ABSTRACT | The Internet and online social networks have greatly facilitated and accelerated information diffusion processes, but at the same time, they provide fertile ground for the spread of misinformation, rumors, and hoaxes. The goal of this work is to introduce a simple modeling framework to study these phenomena: following the epidemic approach and motivated by results in literature, we look at misinformation as an instance of the more general concept of information diffusion, and we propose an adaption of the classic SIS (Susceptible-Infected-Susceptible) model to the case of misinformation by adding two essential socio-cognitive features: forgetting and competition with fact-checking efforts.

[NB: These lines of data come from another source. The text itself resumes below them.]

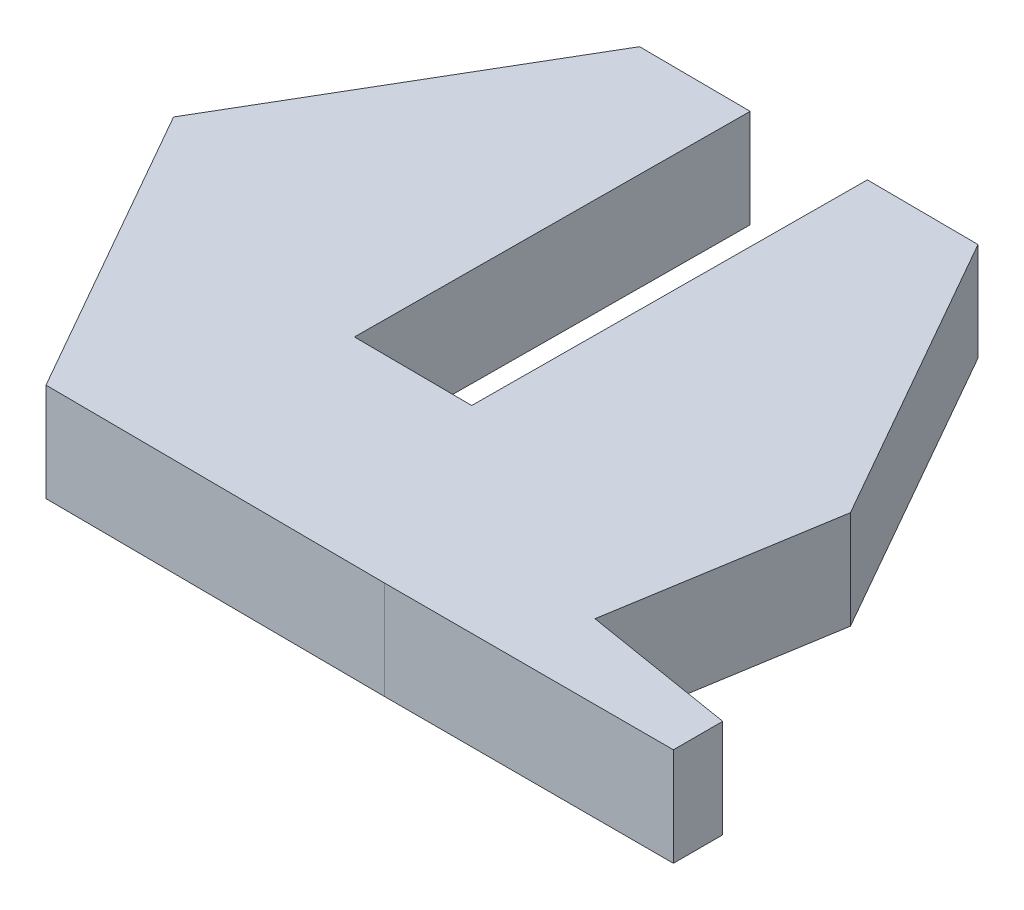
SolidWorks part; units mm, degrees
ref_plane "Front Plane" through (0, 0, 0) normal (0, 0, 1) x (1, 0, 0)
ref_plane "Top Plane" through (0, 0, 0) normal (0, 1, 0) x (1, 0, 0)
ref_plane "Right Plane" through (0, 0, 0) normal (1, 0, 0) x (0, 0, -1)
sketch "Sketch1" plane through (0, 0, 0) normal (0, 1, 0) x (1, 0, 0)
  line L10 (12.6941, -6.9341) -> (12.6941, -8.1889)
  line L12 (-3.314, -8.1347) -> (5.346, -8.1889)
  line L13 (12.6941, -8.1889) -> (5.346, -8.1889)
  line L14 (8.8103, -6.2992) -> (12.6941, -6.9341)
  line L15 (9.723, -0.7161) -> (5.4399, 6.8109)
  line L16 (-3.2202, 6.865) -> (-7.5972, -0.6077)
  line L17 (-7.5972, -0.6077) -> (-3.314, -8.1347)
  line L18 (9.723, -0.7161) -> (8.8103, -6.2992)
  line L19 (5.4399, 6.8109) -> (-3.2202, 6.865)
extrude "Boss-Extrude1" add sketch "Sketch1" along normal blind 2.5
sketch "Sketch2" plane through (0.0428, 0, -6.8446) normal (0.0063, 0, -1) x (-1, 0, -0.0063)
  line L0 (-5.3972, 0) -> (3.2631, 0) construction
  line L1 (-2.5672, 0) -> (0.4328, 0)
  line L2 (-2.5672, 0) -> (-2.5672, 2.5)
  line L3 (-2.5672, 2.5) -> (0.4328, 2.5)
  line L4 (0.4328, 0) -> (0.4328, 2.5)
  line L5 (-5.3972, 2.5) -> (3.2631, 2.5) construction
  line L6 (-5.3972, 2.5) -> (-5.3972, 0) construction
  dimension "D1" = 3
  dimension "D2" = 2.83
extrude "Cut-Extrude1" cut sketch "Sketch2" against normal blind 10

First, we focus on how the availability of debunking information may contain the misinformation diffusion. Our approach allows to quantitatively gauge the minimal reaction necessary to eradicate a hoax. Second, we simulate the spreading dynamics on networks with two communities of gullible and skeptic users, with different propensities to believe hoaxes and a segregation parameter that represents the sparsity of links between the two communities. Simulations show that segregation plays an important role in the diffusion of misinformation, but can have different effects varying other parameters. Finally, we validate our model on Twitter data (both fake news and debunking), obtaining good results.
Our encouraging findings suggest that fact-checking can be still considered useful in fighting misinformation, but also that the structure of the underlying social network is very important in the spreading process evolution, then further investigation in this direction is absolutely necessary in order to develop new tools and solutions to limit the diffusion of fake news.
BIO | Marcella Tambuscio, currently a PostDoc researcher at the University of Turin, obtained her PhD degree in Computer Science last May. She completed her undergraduate studies in Mathematics and Computer Science at the University of Pisa, collaborating with the Basque Center for Applied Mathematics (BCAM) to prepare her master thesis.
During her PhD, she focused on misinformation spreading in online social media, collaborating with CNets (Indiana University, Bloomington), analyzing, in particular, the effectiveness of fact-checking activity and the role of the underlying social network structure. Her research interests lie in the area of computational social science and social network analysis, ranging from modeling phenomena to data mining.